Collection entries
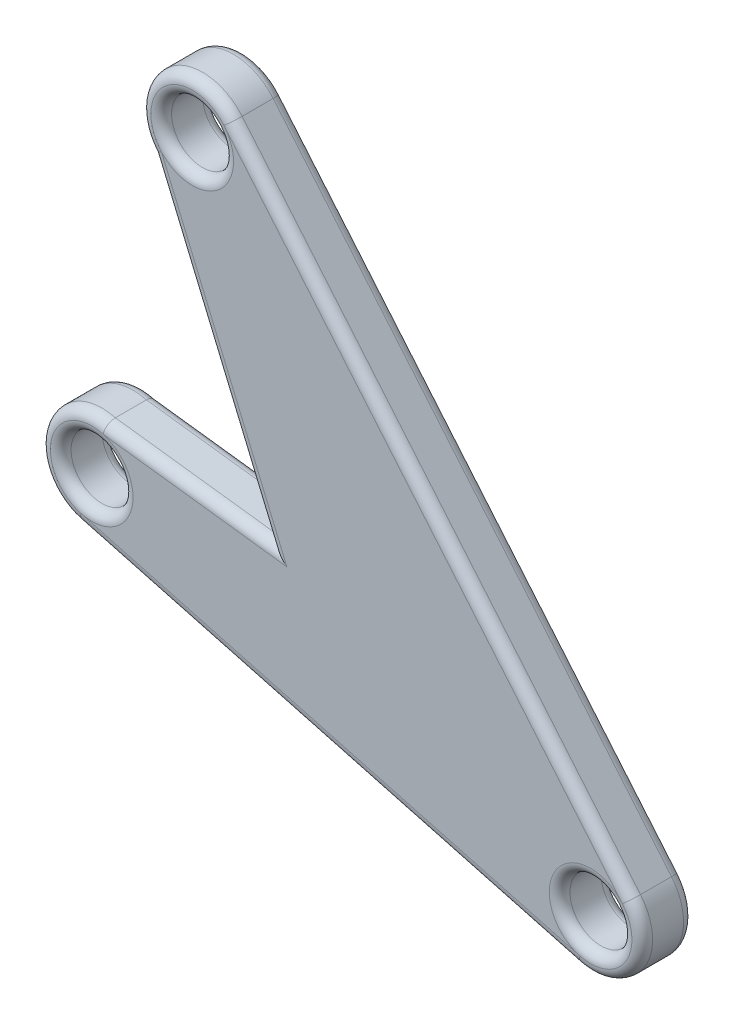
ISO-10303-21;
HEADER;
FILE_DESCRIPTION(('STEP AP214'),'2;1');
FILE_NAME('part.step','',(''),(''),'','','');
FILE_SCHEMA(('AUTOMOTIVE_DESIGN { 1 0 10303 214 1 1 1 1 }'));
ENDSEC;
DATA;
#1=APPLICATION_CONTEXT('core data for automotive mechanical design processes');
#2=APPLICATION_PROTOCOL_DEFINITION('international standard','automotive_design',2000,#1);
#3=PRODUCT_CONTEXT('',#1,'mechanical');
#4=PRODUCT('Part','Part','',(#3));
#5=PRODUCT_RELATED_PRODUCT_CATEGORY('part','',(#4));
#6=PRODUCT_DEFINITION_FORMATION('','',#4);
#7=PRODUCT_DEFINITION_CONTEXT('part definition',#1,'design');
#8=PRODUCT_DEFINITION('design','',#6,#7);
#9=PRODUCT_DEFINITION_SHAPE('','',#8);
#10=(LENGTH_UNIT() NAMED_UNIT(*) SI_UNIT(.MILLI.,.METRE.));
#11=(NAMED_UNIT(*) PLANE_ANGLE_UNIT() SI_UNIT($,.RADIAN.));
#12=(NAMED_UNIT(*) SI_UNIT($,.STERADIAN.) SOLID_ANGLE_UNIT());
#13=UNCERTAINTY_MEASURE_WITH_UNIT(LENGTH_MEASURE(1.E-05),#10,'distance_accuracy_value','');
#14=(GEOMETRIC_REPRESENTATION_CONTEXT(3) GLOBAL_UNCERTAINTY_ASSIGNED_CONTEXT((#13)) GLOBAL_UNIT_ASSIGNED_CONTEXT((#10,
#11,#12)) REPRESENTATION_CONTEXT('',''));
#15=CARTESIAN_POINT('',(0.,0.,0.));
#16=DIRECTION('',(0.,0.,1.));
#17=DIRECTION('',(1.,0.,0.));
#18=AXIS2_PLACEMENT_3D('',#15,#16,#17);
#19=CARTESIAN_POINT('',(-0.647047612756279,-2.41481456572268,2.5));
#20=DIRECTION('',(0.258819045102511,0.965925826289071,0.));
#21=DIRECTION('',(-0.965925826289071,0.258819045102511,0.));
#22=AXIS2_PLACEMENT_3D('',#19,#20,#21);
#23=PLANE('',#22);
#24=DIRECTION('',(0.,0.,-1.));
#25=VECTOR('',#24,1.);
#26=CARTESIAN_POINT('',(-24.7951932699831,4.0556615618401,2.5));
#27=LINE('',#26,#25);
#28=CARTESIAN_POINT('',(-24.7951932699831,4.0556615618401,2.));
#29=VERTEX_POINT('',#28);
#30=CARTESIAN_POINT('',(-24.7951932699831,4.0556615618401,0.5));
#31=VERTEX_POINT('',#30);
#32=EDGE_CURVE('E432',#29,#31,#27,.T.);
#33=ORIENTED_EDGE('',*,*,#32,.T.);
#34=DIRECTION('',(0.965925826289071,-0.258819045102511,0.));
#35=VECTOR('',#34,1.);
#36=CARTESIAN_POINT('',(-0.647047612756279,-2.41481456572268,0.5));
#37=LINE('',#36,#35);
#38=CARTESIAN_POINT('',(-0.647047612756279,-2.41481456572268,0.5));
#39=VERTEX_POINT('',#38);
#40=EDGE_CURVE('E245',#31,#39,#37,.T.);
#41=ORIENTED_EDGE('',*,*,#40,.T.);
#42=DIRECTION('',(0.,0.,-1.));
#43=VECTOR('',#42,1.);
#44=CARTESIAN_POINT('',(-0.647047612756279,-2.41481456572268,2.5));
#45=LINE('',#44,#43);
#46=CARTESIAN_POINT('',(-0.647047612756279,-2.41481456572268,2.));
#47=VERTEX_POINT('',#46);
#48=EDGE_CURVE('E181',#47,#39,#45,.T.);
#49=ORIENTED_EDGE('',*,*,#48,.F.);
#50=DIRECTION('',(0.965925826289071,-0.258819045102511,0.));
#51=VECTOR('',#50,1.);
#52=CARTESIAN_POINT('',(-24.7951932699831,4.05566156184011,2.));
#53=LINE('',#52,#51);
#54=EDGE_CURVE('E243',#47,#29,#53,.F.);
#55=ORIENTED_EDGE('',*,*,#54,.T.);
#56=EDGE_LOOP('',(#33,#41,#49,#55));
#57=FACE_BOUND('',#56,.T.);
#58=ADVANCED_FACE('F43',(#57),#23,.F.);
#59=CARTESIAN_POINT('',(0.,0.,2.5));
#60=DIRECTION('',(0.,0.,-1.));
#61=DIRECTION('',(-1.,0.,0.));
#62=AXIS2_PLACEMENT_3D('',#59,#60,#61);
#63=CYLINDRICAL_SURFACE('',#62,2.5);
#64=ORIENTED_EDGE('',*,*,#48,.T.);
#65=CARTESIAN_POINT('',(0.,0.,0.5));
#66=DIRECTION('',(0.,0.,1.));
#67=DIRECTION('',(1.,0.,0.));
#68=AXIS2_PLACEMENT_3D('',#65,#66,#67);
#69=CIRCLE('',#68,2.5);
#70=CARTESIAN_POINT('',(1.91511110779743,1.60696902421637,0.5));
#71=VERTEX_POINT('',#70);
#72=EDGE_CURVE('E168',#39,#71,#69,.T.);
#73=ORIENTED_EDGE('',*,*,#72,.T.);
#74=DIRECTION('',(0.,0.,-1.));
#75=VECTOR('',#74,1.);
#76=CARTESIAN_POINT('',(1.91511110779743,1.60696902421637,2.5));
#77=LINE('',#76,#75);
#78=CARTESIAN_POINT('',(1.91511110779743,1.60696902421637,2.));
#79=VERTEX_POINT('',#78);
#80=EDGE_CURVE('E445',#79,#71,#77,.T.);
#81=ORIENTED_EDGE('',*,*,#80,.F.);
#82=CARTESIAN_POINT('',(0.,0.,2.));
#83=DIRECTION('',(0.,0.,1.));
#84=DIRECTION('',(1.,0.,0.));
#85=AXIS2_PLACEMENT_3D('',#82,#83,#84);
#86=CIRCLE('',#85,2.5);
#87=EDGE_CURVE('E219',#79,#47,#86,.F.);
#88=ORIENTED_EDGE('',*,*,#87,.T.);
#89=EDGE_LOOP('',(#64,#73,#81,#88));
#90=FACE_BOUND('',#89,.T.);
#91=ADVANCED_FACE('F369',(#90),#63,.T.);
#92=CARTESIAN_POINT('',(1.91511110779743,1.60696902421637,2.5));
#93=DIRECTION('',(-0.766044443118973,-0.642787609686546,0.));
#94=DIRECTION('',(0.642787609686546,-0.766044443118973,0.));
#95=AXIS2_PLACEMENT_3D('',#92,#93,#94);
#96=PLANE('',#95);
#97=ORIENTED_EDGE('',*,*,#80,.T.);
#98=DIRECTION('',(-0.642787609686546,0.766044443118973,0.));
#99=VECTOR('',#98,1.);
#100=CARTESIAN_POINT('',(1.91511110779743,1.60696902421637,0.5));
#101=LINE('',#100,#99);
#102=CARTESIAN_POINT('',(-17.3685171827989,24.5883023177855,0.5));
#103=VERTEX_POINT('',#102);
#104=EDGE_CURVE('E224',#71,#103,#101,.T.);
#105=ORIENTED_EDGE('',*,*,#104,.T.);
#106=DIRECTION('',(0.,0.,-1.));
#107=VECTOR('',#106,1.);
#108=CARTESIAN_POINT('',(-17.3685171827989,24.5883023177855,2.5));
#109=LINE('',#108,#107);
#110=CARTESIAN_POINT('',(-17.3685171827989,24.5883023177855,2.));
#111=VERTEX_POINT('',#110);
#112=EDGE_CURVE('E442',#111,#103,#109,.T.);
#113=ORIENTED_EDGE('',*,*,#112,.F.);
#114=DIRECTION('',(-0.642787609686546,0.766044443118973,0.));
#115=VECTOR('',#114,1.);
#116=CARTESIAN_POINT('',(1.91511110779743,1.60696902421637,2.));
#117=LINE('',#116,#115);
#118=EDGE_CURVE('E222',#111,#79,#117,.F.);
#119=ORIENTED_EDGE('',*,*,#118,.T.);
#120=EDGE_LOOP('',(#97,#105,#113,#119));
#121=FACE_BOUND('',#120,.T.);
#122=ADVANCED_FACE('F375',(#121),#96,.F.);
#123=CARTESIAN_POINT('',(-19.2836282905964,22.9813332935692,2.5));
#124=DIRECTION('',(0.,0.,-1.));
#125=DIRECTION('',(-1.,0.,0.));
#126=AXIS2_PLACEMENT_3D('',#123,#124,#125);
#127=CYLINDRICAL_SURFACE('',#126,2.5);
#128=ORIENTED_EDGE('',*,*,#112,.T.);
#129=CARTESIAN_POINT('',(-19.2836282905964,22.9813332935692,0.5));
#130=DIRECTION('',(0.,0.,1.));
#131=DIRECTION('',(1.,0.,0.));
#132=AXIS2_PLACEMENT_3D('',#129,#130,#131);
#133=CIRCLE('',#132,2.5);
#134=CARTESIAN_POINT('',(-21.1987393983938,21.3743642693528,0.5));
#135=VERTEX_POINT('',#134);
#136=EDGE_CURVE('E228',#103,#135,#133,.T.);
#137=ORIENTED_EDGE('',*,*,#136,.T.);
#138=DIRECTION('',(0.,0.,-1.));
#139=VECTOR('',#138,1.);
#140=CARTESIAN_POINT('',(-21.1987393983938,21.3743642693528,2.5));
#141=LINE('',#140,#139);
#142=CARTESIAN_POINT('',(-21.1987393983938,21.3743642693528,2.));
#143=VERTEX_POINT('',#142);
#144=EDGE_CURVE('E413',#143,#135,#141,.T.);
#145=ORIENTED_EDGE('',*,*,#144,.F.);
#146=CARTESIAN_POINT('',(-19.2836282905964,22.9813332935692,2.));
#147=DIRECTION('',(0.,0.,1.));
#148=DIRECTION('',(1.,0.,0.));
#149=AXIS2_PLACEMENT_3D('',#146,#147,#148);
#150=CIRCLE('',#149,2.5);
#151=EDGE_CURVE('E226',#143,#111,#150,.F.);
#152=ORIENTED_EDGE('',*,*,#151,.T.);
#153=EDGE_LOOP('',(#128,#137,#145,#152));
#154=FACE_BOUND('',#153,.T.);
#155=ADVANCED_FACE('F493',(#154),#127,.T.);
#156=CARTESIAN_POINT('',(-10.3243914845816,-4.3622991514506,2.5));
#157=DIRECTION('',(-0.921150047944264,-0.38920764274649,0.));
#158=DIRECTION('',(0.38920764274649,-0.921150047944264,0.));
#159=AXIS2_PLACEMENT_3D('',#156,#157,#158);
#160=PLANE('',#159);
#161=ORIENTED_EDGE('',*,*,#144,.T.);
#162=DIRECTION('',(-0.38920764274649,0.921150047944264,0.));
#163=VECTOR('',#162,1.);
#164=CARTESIAN_POINT('',(-15.5010980444705,7.88957612567752,0.5));
#165=LINE('',#164,#163);
#166=CARTESIAN_POINT('',(-15.5010980444705,7.88957612567752,0.5));
#167=VERTEX_POINT('',#166);
#168=EDGE_CURVE('E232',#135,#167,#165,.F.);
#169=ORIENTED_EDGE('',*,*,#168,.T.);
#170=DIRECTION('',(0.,0.,-1.));
#171=VECTOR('',#170,1.);
#172=CARTESIAN_POINT('',(-15.5010980444705,7.88957612567752,2.5));
#173=LINE('',#172,#171);
#174=CARTESIAN_POINT('',(-15.5010980444705,7.88957612567752,2.));
#175=VERTEX_POINT('',#174);
#176=EDGE_CURVE('E410',#175,#167,#173,.T.);
#177=ORIENTED_EDGE('',*,*,#176,.F.);
#178=DIRECTION('',(-0.38920764274649,0.921150047944264,0.));
#179=VECTOR('',#178,1.);
#180=CARTESIAN_POINT('',(-10.3243914845816,-4.3622991514506,2.));
#181=LINE('',#180,#179);
#182=EDGE_CURVE('E230',#175,#143,#181,.T.);
#183=ORIENTED_EDGE('',*,*,#182,.T.);
#184=EDGE_LOOP('',(#161,#169,#177,#183));
#185=FACE_BOUND('',#184,.T.);
#186=ADVANCED_FACE('F409',(#185),#160,.T.);
#187=CARTESIAN_POINT('',(0.73052076796544,5.86931871225232,2.5));
#188=DIRECTION('',(0.123511318006618,0.992343163590231,0.));
#189=DIRECTION('',(-0.992343163590231,0.123511318006618,0.));
#190=AXIS2_PLACEMENT_3D('',#187,#188,#189);
#191=PLANE('',#190);
#192=ORIENTED_EDGE('',*,*,#176,.T.);
#193=DIRECTION('',(0.992343163590231,-0.123511318006618,0.));
#194=VECTOR('',#193,1.);
#195=CARTESIAN_POINT('',(-23.5010980444705,8.88529069328546,0.5));
#196=LINE('',#195,#194);
#197=CARTESIAN_POINT('',(-23.5010980444705,8.88529069328546,0.5));
#198=VERTEX_POINT('',#197);
#199=EDGE_CURVE('E236',#167,#198,#196,.F.);
#200=ORIENTED_EDGE('',*,*,#199,.T.);
#201=DIRECTION('',(0.,0.,-1.));
#202=VECTOR('',#201,1.);
#203=CARTESIAN_POINT('',(-23.5010980444705,8.88529069328546,2.5));
#204=LINE('',#203,#202);
#205=CARTESIAN_POINT('',(-23.5010980444705,8.88529069328546,2.));
#206=VERTEX_POINT('',#205);
#207=EDGE_CURVE('E420',#206,#198,#204,.T.);
#208=ORIENTED_EDGE('',*,*,#207,.F.);
#209=DIRECTION('',(0.992343163590231,-0.123511318006618,0.));
#210=VECTOR('',#209,1.);
#211=CARTESIAN_POINT('',(0.73052076796544,5.86931871225232,2.));
#212=LINE('',#211,#210);
#213=EDGE_CURVE('E234',#206,#175,#212,.T.);
#214=ORIENTED_EDGE('',*,*,#213,.T.);
#215=EDGE_LOOP('',(#192,#200,#208,#214));
#216=FACE_BOUND('',#215,.T.);
#217=ADVANCED_FACE('F416',(#216),#191,.T.);
#218=CARTESIAN_POINT('',(-24.1481456572268,6.47047612756278,2.5));
#219=DIRECTION('',(0.,0.,-1.));
#220=DIRECTION('',(-1.,0.,0.));
#221=AXIS2_PLACEMENT_3D('',#218,#219,#220);
#222=CYLINDRICAL_SURFACE('',#221,1.5);
#223=CARTESIAN_POINT('',(-24.1481456572268,6.47047612756278,0.5));
#224=DIRECTION('',(0.,0.,1.));
#225=DIRECTION('',(1.,0.,0.));
#226=AXIS2_PLACEMENT_3D('',#223,#224,#225);
#227=CIRCLE('',#226,1.5);
#228=CARTESIAN_POINT('',(-22.6481456572268,6.47047612756278,0.5));
#229=VERTEX_POINT('',#228);
#230=EDGE_CURVE('E210',#229,#229,#227,.F.);
#231=ORIENTED_EDGE('',*,*,#230,.T.);
#232=EDGE_LOOP('',(#231));
#233=FACE_BOUND('',#232,.T.);
#234=CARTESIAN_POINT('',(-24.1481456572268,6.47047612756278,2.));
#235=DIRECTION('',(0.,0.,1.));
#236=DIRECTION('',(1.,0.,0.));
#237=AXIS2_PLACEMENT_3D('',#234,#235,#236);
#238=CIRCLE('',#237,1.5);
#239=CARTESIAN_POINT('',(-22.6481456572268,6.47047612756278,2.));
#240=VERTEX_POINT('',#239);
#241=EDGE_CURVE('E207',#240,#240,#238,.T.);
#242=ORIENTED_EDGE('',*,*,#241,.T.);
#243=EDGE_LOOP('',(#242));
#244=FACE_BOUND('',#243,.T.);
#245=ADVANCED_FACE('F504',(#233,#244),#222,.F.);
#246=CARTESIAN_POINT('',(-19.2836282905964,22.9813332935692,2.5));
#247=DIRECTION('',(0.,0.,-1.));
#248=DIRECTION('',(-1.,0.,0.));
#249=AXIS2_PLACEMENT_3D('',#246,#247,#248);
#250=CYLINDRICAL_SURFACE('',#249,1.5);
#251=CARTESIAN_POINT('',(-19.2836282905964,22.9813332935692,0.5));
#252=DIRECTION('',(0.,0.,1.));
#253=DIRECTION('',(1.,0.,0.));
#254=AXIS2_PLACEMENT_3D('',#251,#252,#253);
#255=CIRCLE('',#254,1.5);
#256=CARTESIAN_POINT('',(-17.7836282905964,22.9813332935692,0.5));
#257=VERTEX_POINT('',#256);
#258=EDGE_CURVE('E216',#257,#257,#255,.F.);
#259=ORIENTED_EDGE('',*,*,#258,.T.);
#260=EDGE_LOOP('',(#259));
#261=FACE_BOUND('',#260,.T.);
#262=CARTESIAN_POINT('',(-19.2836282905964,22.9813332935692,2.));
#263=DIRECTION('',(0.,0.,1.));
#264=DIRECTION('',(1.,0.,0.));
#265=AXIS2_PLACEMENT_3D('',#262,#263,#264);
#266=CIRCLE('',#265,1.5);
#267=CARTESIAN_POINT('',(-17.7836282905964,22.9813332935692,2.));
#268=VERTEX_POINT('',#267);
#269=EDGE_CURVE('E213',#268,#268,#266,.T.);
#270=ORIENTED_EDGE('',*,*,#269,.T.);
#271=EDGE_LOOP('',(#270));
#272=FACE_BOUND('',#271,.T.);
#273=ADVANCED_FACE('F508',(#261,#272),#250,.F.);
#274=CARTESIAN_POINT('',(-24.1481456572268,6.47047612756278,2.5));
#275=DIRECTION('',(0.,0.,-1.));
#276=DIRECTION('',(-1.,0.,0.));
#277=AXIS2_PLACEMENT_3D('',#274,#275,#276);
#278=CYLINDRICAL_SURFACE('',#277,2.5);
#279=ORIENTED_EDGE('',*,*,#207,.T.);
#280=CARTESIAN_POINT('',(-24.1481456572268,6.47047612756278,0.5));
#281=DIRECTION('',(0.,0.,1.));
#282=DIRECTION('',(1.,0.,0.));
#283=AXIS2_PLACEMENT_3D('',#280,#281,#282);
#284=CIRCLE('',#283,2.5);
#285=EDGE_CURVE('E241',#198,#31,#284,.T.);
#286=ORIENTED_EDGE('',*,*,#285,.T.);
#287=ORIENTED_EDGE('',*,*,#32,.F.);
#288=CARTESIAN_POINT('',(-24.1481456572268,6.47047612756278,2.));
#289=DIRECTION('',(0.,0.,1.));
#290=DIRECTION('',(1.,0.,0.));
#291=AXIS2_PLACEMENT_3D('',#288,#289,#290);
#292=CIRCLE('',#291,2.5);
#293=EDGE_CURVE('E238',#29,#206,#292,.F.);
#294=ORIENTED_EDGE('',*,*,#293,.T.);
#295=EDGE_LOOP('',(#279,#286,#287,#294));
#296=FACE_BOUND('',#295,.T.);
#297=ADVANCED_FACE('F431',(#296),#278,.T.);
#298=CARTESIAN_POINT('',(0.,0.,2.5));
#299=DIRECTION('',(0.,0.,-1.));
#300=DIRECTION('',(-1.,0.,0.));
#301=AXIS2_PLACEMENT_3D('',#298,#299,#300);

What you have to do:
Nothing should appear in the answer except the lines above from the line with "#162=DIRECTION('',(-0.38920764274649,0.921150047944264,0.));" through the line with "#179=VECTOR('',#178,1.);", both included, written out exactly.

The completed task:
#162=DIRECTION('',(-0.38920764274649,0.921150047944264,0.));
#163=VECTOR('',#162,1.);
#164=CARTESIAN_POINT('',(-15.5010980444705,7.88957612567752,0.5));
#165=LINE('',#164,#163);
#166=CARTESIAN_POINT('',(-15.5010980444705,7.88957612567752,0.5));
#167=VERTEX_POINT('',#166);
#168=EDGE_CURVE('E232',#135,#167,#165,.F.);
#169=ORIENTED_EDGE('',*,*,#168,.T.);
#170=DIRECTION('',(0.,0.,-1.));
#171=VECTOR('',#170,1.);
#172=CARTESIAN_POINT('',(-15.5010980444705,7.88957612567752,2.5));
#173=LINE('',#172,#171);
#174=CARTESIAN_POINT('',(-15.5010980444705,7.88957612567752,2.));
#175=VERTEX_POINT('',#174);
#176=EDGE_CURVE('E410',#175,#167,#173,.T.);
#177=ORIENTED_EDGE('',*,*,#176,.F.);
#178=DIRECTION('',(-0.38920764274649,0.921150047944264,0.));
#179=VECTOR('',#178,1.);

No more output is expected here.